**TASK TO CARRY OUT**
Restate word for word the entries below, starting at the line with "equation 5 : Gain" and ending at the line with "[thumbnail: Simulink's stored". Keep both end lines and omit the pictures.

>>>

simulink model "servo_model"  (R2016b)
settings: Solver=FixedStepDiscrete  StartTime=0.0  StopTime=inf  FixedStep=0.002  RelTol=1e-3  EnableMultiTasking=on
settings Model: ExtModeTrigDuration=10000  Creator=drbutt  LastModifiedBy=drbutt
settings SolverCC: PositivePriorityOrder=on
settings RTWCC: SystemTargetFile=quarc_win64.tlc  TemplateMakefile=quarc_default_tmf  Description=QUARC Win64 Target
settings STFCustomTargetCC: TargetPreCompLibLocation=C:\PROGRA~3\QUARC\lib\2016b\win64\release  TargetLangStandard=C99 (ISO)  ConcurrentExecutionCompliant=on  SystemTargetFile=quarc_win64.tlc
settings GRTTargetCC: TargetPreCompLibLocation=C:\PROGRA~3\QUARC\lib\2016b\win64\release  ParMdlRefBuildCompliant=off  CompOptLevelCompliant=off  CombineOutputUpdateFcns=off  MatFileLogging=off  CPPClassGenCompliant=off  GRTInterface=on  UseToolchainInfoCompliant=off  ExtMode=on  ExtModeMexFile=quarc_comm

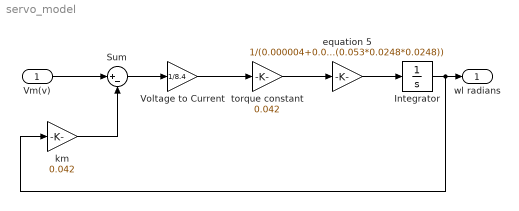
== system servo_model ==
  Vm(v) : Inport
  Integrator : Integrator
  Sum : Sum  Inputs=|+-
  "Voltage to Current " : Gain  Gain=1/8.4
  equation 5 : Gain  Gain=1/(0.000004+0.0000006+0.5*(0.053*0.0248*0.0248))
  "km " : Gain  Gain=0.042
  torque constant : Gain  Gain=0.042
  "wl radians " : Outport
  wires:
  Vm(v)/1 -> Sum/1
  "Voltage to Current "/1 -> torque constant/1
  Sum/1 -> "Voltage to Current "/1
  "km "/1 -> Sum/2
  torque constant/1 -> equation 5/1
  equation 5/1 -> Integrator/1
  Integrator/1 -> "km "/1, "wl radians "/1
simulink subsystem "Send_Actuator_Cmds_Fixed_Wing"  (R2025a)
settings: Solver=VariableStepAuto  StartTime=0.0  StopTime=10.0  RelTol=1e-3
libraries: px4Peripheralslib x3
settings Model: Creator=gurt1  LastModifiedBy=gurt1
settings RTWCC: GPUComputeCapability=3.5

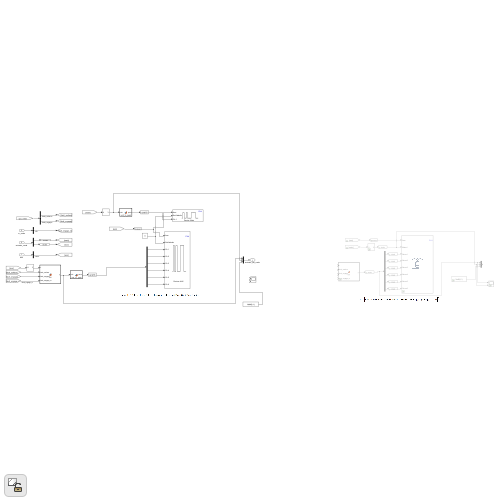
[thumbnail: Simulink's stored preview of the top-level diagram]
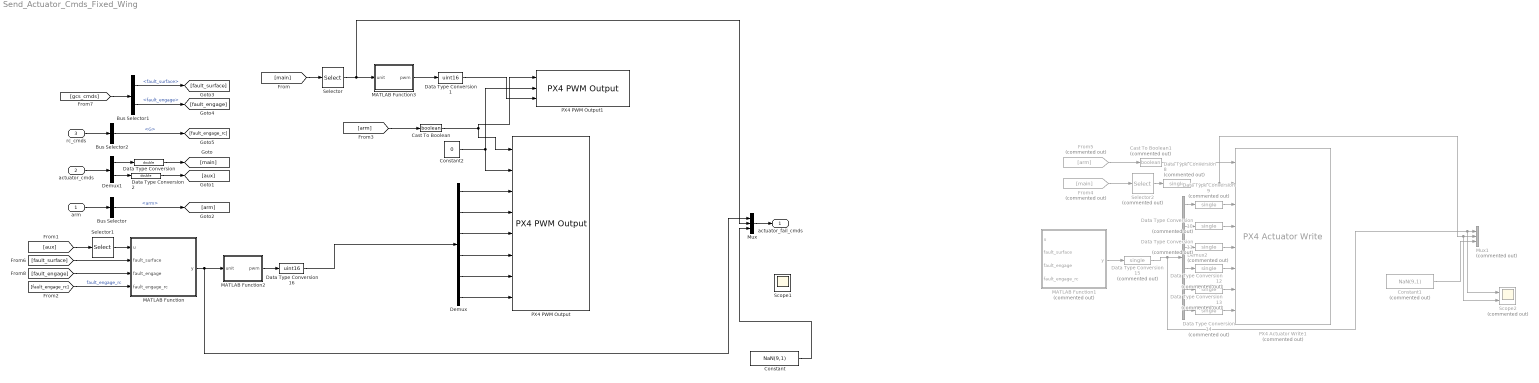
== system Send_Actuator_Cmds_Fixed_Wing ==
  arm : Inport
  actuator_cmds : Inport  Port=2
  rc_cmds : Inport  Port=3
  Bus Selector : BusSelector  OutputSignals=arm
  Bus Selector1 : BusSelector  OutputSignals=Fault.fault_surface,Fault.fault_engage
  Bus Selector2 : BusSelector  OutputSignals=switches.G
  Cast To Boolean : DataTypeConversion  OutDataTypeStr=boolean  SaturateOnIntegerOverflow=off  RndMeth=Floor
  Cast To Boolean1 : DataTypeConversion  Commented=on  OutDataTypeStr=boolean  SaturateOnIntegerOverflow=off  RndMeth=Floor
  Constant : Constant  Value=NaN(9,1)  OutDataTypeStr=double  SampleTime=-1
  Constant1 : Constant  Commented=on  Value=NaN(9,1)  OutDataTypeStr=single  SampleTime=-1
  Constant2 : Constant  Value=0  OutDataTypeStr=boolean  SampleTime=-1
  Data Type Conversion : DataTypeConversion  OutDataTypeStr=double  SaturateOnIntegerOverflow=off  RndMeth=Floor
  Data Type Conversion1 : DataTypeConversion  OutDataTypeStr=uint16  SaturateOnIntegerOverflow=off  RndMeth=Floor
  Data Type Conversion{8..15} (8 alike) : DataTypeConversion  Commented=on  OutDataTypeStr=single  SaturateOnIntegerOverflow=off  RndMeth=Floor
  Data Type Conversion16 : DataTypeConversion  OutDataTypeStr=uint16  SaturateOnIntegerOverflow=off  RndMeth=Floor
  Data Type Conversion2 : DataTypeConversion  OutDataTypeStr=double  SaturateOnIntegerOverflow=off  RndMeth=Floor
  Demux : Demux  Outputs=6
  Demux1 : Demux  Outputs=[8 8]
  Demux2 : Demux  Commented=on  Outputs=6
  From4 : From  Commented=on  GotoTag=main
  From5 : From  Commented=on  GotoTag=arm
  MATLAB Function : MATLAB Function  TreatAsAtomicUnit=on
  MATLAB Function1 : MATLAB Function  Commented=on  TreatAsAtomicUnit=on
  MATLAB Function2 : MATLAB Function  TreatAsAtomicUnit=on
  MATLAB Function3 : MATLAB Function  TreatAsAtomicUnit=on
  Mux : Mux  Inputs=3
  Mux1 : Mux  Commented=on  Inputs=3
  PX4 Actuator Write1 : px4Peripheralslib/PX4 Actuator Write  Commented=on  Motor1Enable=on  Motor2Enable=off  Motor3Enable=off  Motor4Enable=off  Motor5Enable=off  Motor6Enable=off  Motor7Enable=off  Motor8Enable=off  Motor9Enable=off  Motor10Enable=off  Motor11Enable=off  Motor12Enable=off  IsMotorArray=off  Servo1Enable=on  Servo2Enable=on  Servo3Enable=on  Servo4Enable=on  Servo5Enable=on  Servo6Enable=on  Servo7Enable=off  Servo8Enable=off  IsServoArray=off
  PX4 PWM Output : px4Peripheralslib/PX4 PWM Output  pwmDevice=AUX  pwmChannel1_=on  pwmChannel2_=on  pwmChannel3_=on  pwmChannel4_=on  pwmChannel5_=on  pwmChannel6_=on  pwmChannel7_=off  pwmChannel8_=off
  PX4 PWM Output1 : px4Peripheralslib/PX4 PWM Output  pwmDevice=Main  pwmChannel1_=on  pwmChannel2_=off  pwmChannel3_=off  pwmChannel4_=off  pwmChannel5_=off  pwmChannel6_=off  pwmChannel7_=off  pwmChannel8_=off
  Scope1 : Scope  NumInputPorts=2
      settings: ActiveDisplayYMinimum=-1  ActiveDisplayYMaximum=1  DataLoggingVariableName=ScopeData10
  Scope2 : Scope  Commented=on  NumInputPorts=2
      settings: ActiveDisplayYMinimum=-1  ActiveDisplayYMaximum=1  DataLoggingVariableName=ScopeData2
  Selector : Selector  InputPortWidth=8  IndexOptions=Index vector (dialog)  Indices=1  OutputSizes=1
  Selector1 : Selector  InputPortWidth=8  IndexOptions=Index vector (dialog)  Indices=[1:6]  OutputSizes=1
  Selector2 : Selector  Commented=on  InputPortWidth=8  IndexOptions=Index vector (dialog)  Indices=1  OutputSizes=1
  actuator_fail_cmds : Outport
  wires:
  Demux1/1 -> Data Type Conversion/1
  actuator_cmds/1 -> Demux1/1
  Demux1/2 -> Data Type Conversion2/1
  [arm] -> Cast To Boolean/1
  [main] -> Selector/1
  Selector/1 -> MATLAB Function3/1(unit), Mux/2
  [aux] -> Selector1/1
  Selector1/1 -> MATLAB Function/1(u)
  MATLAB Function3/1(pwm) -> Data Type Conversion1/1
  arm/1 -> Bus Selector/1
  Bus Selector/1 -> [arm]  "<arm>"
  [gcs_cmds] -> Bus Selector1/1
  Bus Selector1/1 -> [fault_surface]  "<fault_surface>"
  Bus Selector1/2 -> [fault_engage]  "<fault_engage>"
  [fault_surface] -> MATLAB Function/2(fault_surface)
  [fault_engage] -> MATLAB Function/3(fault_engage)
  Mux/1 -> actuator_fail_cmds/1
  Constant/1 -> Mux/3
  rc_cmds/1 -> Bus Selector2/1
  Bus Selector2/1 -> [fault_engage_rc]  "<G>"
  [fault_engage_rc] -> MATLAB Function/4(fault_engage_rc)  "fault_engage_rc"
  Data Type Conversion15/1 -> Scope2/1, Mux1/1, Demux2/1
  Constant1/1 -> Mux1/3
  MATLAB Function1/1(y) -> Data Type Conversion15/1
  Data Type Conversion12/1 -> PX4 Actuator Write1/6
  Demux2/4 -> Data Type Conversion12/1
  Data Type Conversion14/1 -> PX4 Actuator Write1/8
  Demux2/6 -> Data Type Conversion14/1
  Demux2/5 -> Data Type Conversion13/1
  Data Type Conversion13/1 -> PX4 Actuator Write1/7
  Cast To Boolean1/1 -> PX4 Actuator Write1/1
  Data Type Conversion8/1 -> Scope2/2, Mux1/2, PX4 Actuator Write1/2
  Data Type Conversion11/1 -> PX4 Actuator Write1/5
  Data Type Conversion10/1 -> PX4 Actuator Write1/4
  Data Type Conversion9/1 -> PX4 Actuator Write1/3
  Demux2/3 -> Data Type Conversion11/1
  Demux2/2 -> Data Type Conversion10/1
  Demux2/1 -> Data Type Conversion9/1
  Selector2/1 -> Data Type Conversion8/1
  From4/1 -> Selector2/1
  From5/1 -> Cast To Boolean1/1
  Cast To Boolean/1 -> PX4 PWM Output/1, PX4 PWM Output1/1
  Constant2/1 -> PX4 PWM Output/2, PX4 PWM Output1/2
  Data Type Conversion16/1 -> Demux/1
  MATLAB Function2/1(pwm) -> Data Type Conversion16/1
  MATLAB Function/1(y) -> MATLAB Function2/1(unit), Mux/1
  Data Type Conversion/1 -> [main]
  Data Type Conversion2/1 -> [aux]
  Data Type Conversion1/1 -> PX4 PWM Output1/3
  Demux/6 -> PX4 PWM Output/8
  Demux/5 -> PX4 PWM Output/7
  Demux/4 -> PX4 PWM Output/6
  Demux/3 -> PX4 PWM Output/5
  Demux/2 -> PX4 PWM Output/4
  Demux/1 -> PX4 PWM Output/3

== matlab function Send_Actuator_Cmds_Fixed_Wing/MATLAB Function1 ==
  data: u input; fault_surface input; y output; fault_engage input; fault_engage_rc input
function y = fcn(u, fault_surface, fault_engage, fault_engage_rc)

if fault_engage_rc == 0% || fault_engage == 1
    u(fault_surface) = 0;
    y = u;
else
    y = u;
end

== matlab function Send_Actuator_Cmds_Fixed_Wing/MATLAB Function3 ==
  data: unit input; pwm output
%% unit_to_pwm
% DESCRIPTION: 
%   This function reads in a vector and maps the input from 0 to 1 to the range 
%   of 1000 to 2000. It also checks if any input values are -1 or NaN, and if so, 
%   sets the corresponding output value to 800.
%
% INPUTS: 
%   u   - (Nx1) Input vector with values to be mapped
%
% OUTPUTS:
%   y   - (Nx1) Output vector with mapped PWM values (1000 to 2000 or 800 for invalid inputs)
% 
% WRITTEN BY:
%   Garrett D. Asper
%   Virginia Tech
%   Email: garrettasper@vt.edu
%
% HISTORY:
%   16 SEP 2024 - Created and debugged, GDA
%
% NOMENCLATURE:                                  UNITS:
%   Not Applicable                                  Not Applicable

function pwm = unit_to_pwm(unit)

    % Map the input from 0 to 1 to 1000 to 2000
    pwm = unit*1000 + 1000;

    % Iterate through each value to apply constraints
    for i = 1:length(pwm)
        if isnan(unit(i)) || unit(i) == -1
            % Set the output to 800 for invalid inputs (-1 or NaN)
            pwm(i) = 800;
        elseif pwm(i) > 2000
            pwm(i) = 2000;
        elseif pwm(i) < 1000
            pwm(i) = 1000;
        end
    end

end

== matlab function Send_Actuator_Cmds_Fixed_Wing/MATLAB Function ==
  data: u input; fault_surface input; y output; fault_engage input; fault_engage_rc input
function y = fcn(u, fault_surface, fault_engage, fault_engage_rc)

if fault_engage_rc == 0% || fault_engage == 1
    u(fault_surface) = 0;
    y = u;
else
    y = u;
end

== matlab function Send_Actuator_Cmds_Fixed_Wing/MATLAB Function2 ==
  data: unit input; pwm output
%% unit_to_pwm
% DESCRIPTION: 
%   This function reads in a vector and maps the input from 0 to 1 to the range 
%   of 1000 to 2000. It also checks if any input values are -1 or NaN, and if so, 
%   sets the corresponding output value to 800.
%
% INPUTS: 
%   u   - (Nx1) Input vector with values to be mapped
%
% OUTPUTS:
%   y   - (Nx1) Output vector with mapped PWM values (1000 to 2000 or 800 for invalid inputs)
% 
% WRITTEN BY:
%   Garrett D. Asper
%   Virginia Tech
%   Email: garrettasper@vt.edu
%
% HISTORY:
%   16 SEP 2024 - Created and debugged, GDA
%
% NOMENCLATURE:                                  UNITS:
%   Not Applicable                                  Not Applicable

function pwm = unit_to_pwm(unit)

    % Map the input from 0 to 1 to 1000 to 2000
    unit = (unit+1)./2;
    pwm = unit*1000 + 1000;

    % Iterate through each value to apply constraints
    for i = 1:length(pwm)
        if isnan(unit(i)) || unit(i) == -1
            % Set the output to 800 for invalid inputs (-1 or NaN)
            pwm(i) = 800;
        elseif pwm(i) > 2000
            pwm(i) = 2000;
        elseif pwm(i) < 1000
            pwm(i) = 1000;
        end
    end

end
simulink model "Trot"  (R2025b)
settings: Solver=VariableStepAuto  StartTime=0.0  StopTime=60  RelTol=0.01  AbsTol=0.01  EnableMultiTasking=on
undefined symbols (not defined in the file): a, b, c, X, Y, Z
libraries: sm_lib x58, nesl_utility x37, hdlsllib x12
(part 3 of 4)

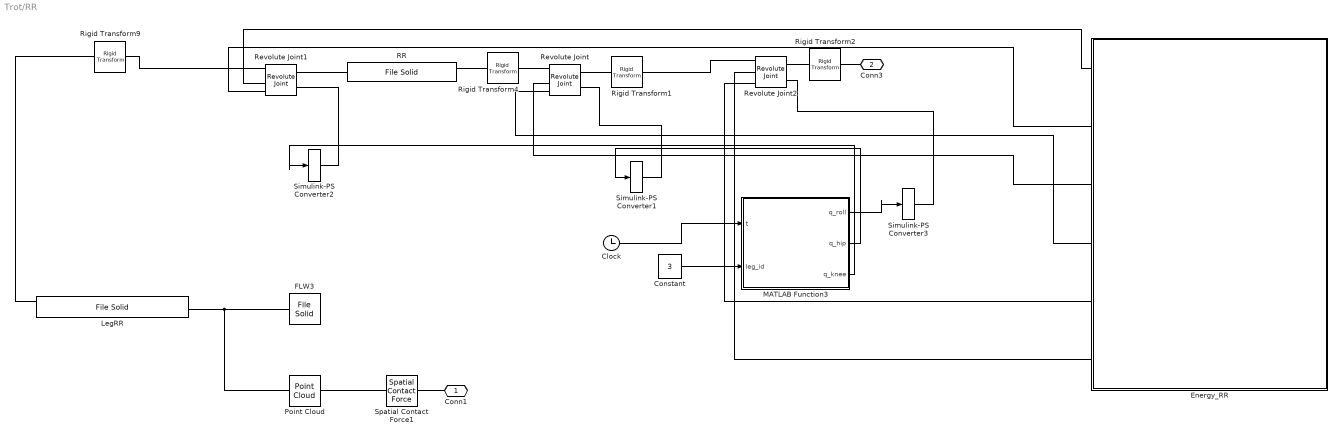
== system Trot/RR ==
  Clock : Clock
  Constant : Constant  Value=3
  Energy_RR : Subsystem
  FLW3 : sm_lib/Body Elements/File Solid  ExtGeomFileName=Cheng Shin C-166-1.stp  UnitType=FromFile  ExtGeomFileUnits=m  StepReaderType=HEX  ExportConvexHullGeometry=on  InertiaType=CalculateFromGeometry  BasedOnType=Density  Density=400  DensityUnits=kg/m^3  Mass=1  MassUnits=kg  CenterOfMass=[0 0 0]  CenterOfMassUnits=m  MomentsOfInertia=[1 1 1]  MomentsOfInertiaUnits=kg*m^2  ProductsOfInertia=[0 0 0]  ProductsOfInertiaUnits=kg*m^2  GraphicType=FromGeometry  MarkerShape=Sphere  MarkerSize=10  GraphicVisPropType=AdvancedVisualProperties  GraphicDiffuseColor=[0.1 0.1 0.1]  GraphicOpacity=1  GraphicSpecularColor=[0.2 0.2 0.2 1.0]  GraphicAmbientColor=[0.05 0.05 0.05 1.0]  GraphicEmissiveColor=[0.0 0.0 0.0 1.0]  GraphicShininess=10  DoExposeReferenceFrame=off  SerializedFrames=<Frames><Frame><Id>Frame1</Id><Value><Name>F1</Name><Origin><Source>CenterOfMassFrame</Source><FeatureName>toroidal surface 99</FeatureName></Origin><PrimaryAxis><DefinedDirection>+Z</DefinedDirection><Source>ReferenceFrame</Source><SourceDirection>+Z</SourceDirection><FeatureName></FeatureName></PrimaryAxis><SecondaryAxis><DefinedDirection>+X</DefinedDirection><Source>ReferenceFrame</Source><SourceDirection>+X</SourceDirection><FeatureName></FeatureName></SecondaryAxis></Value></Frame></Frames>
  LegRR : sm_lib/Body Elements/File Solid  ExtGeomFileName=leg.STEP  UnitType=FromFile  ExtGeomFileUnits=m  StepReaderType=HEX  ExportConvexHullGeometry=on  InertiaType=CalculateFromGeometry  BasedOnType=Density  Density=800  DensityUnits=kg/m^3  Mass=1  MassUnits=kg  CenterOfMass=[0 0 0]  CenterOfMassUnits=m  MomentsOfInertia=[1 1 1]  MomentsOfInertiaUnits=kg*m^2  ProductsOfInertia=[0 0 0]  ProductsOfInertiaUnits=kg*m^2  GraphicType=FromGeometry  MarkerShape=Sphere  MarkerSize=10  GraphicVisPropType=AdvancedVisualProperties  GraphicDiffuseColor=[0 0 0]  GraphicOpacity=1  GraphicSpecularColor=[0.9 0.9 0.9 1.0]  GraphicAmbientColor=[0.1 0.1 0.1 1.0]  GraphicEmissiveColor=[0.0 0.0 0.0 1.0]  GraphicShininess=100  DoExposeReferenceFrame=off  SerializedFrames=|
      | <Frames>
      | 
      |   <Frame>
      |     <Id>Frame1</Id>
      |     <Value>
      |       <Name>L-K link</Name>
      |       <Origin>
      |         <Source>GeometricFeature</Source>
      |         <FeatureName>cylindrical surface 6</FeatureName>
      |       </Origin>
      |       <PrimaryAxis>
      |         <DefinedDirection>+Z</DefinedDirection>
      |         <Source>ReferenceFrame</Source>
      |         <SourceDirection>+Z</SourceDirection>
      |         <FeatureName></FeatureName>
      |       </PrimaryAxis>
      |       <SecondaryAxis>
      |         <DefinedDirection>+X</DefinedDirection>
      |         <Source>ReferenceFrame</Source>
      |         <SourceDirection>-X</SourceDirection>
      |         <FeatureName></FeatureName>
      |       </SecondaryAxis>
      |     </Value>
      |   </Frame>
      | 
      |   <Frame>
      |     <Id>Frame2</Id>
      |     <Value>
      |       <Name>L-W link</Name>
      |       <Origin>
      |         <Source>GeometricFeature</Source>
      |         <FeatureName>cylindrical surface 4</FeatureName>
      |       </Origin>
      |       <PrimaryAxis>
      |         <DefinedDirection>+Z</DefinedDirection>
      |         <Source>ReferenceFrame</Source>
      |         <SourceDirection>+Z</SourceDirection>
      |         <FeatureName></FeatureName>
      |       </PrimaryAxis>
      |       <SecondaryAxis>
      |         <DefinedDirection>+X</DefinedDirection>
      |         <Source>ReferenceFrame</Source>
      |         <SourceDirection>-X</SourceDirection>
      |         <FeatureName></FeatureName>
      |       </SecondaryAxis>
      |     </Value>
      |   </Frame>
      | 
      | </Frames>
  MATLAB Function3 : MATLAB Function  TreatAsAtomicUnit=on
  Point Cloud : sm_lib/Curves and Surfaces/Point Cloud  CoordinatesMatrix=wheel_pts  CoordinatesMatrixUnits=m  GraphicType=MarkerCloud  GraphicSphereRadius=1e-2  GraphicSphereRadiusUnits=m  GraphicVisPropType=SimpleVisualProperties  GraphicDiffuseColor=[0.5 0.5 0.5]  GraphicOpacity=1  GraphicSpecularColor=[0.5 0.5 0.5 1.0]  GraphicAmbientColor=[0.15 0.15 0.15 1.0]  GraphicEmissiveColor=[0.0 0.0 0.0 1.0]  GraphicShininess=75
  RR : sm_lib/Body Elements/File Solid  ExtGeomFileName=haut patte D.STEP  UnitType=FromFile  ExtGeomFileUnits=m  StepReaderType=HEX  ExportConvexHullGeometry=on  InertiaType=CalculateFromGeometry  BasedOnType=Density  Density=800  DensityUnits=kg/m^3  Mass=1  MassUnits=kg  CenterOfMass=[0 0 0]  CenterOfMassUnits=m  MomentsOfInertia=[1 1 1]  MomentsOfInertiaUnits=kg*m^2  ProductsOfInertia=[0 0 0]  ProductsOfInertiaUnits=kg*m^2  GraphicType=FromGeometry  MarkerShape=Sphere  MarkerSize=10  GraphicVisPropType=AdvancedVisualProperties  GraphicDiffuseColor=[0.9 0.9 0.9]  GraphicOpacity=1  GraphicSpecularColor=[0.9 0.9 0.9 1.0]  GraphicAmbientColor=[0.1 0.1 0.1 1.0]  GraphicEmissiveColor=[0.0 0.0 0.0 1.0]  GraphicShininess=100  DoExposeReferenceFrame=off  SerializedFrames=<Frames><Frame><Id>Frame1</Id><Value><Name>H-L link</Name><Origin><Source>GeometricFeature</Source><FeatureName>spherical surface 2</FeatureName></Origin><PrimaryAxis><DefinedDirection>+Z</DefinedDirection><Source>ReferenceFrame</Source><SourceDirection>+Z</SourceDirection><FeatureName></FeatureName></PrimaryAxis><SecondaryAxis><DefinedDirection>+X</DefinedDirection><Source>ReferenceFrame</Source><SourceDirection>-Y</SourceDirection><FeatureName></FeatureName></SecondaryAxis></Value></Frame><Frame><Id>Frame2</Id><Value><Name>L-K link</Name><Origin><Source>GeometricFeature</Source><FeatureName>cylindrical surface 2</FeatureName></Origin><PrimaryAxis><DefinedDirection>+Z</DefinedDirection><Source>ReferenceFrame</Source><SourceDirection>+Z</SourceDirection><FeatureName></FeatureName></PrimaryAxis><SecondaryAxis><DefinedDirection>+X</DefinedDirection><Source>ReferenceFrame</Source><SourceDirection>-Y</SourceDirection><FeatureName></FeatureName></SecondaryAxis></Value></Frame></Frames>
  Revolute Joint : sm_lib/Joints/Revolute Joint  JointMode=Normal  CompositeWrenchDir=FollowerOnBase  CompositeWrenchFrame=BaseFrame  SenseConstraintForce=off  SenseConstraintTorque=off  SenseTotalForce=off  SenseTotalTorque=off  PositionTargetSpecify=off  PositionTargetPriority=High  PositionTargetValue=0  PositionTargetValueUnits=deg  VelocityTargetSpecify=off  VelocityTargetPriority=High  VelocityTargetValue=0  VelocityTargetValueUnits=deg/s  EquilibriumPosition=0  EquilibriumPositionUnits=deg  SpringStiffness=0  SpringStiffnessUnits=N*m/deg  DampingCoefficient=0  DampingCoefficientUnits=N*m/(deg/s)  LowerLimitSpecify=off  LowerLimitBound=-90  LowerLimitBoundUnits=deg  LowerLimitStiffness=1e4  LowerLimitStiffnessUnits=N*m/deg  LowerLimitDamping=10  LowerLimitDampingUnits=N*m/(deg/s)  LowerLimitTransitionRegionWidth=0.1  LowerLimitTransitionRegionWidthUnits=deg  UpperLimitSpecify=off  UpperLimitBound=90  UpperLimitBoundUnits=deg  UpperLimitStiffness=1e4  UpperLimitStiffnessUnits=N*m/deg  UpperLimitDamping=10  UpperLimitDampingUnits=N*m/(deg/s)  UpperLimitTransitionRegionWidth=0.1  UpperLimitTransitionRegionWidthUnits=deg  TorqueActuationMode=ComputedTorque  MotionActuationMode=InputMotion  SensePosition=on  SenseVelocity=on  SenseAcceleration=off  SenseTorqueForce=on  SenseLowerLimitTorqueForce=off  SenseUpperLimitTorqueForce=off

<<<

**FINISHED TASK**
  equation 5 : Gain  Gain=1/(0.000004+0.0000006+0.5*(0.053*0.0248*0.0248))
  "km " : Gain  Gain=0.042
  torque constant : Gain  Gain=0.042
  "wl radians " : Outport
  wires:
  Vm(v)/1 -> Sum/1
  "Voltage to Current "/1 -> torque constant/1
  Sum/1 -> "Voltage to Current "/1
  "km "/1 -> Sum/2
  torque constant/1 -> equation 5/1
  equation 5/1 -> Integrator/1
  Integrator/1 -> "km "/1, "wl radians "/1
simulink subsystem "Send_Actuator_Cmds_Fixed_Wing"  (R2025a)
settings: Solver=VariableStepAuto  StartTime=0.0  StopTime=10.0  RelTol=1e-3
libraries: px4Peripheralslib x3
settings Model: Creator=gurt1  LastModifiedBy=gurt1
settings RTWCC: GPUComputeCapability=3.5

[thumbnail: Simulink's stored preview of the top-level diagram]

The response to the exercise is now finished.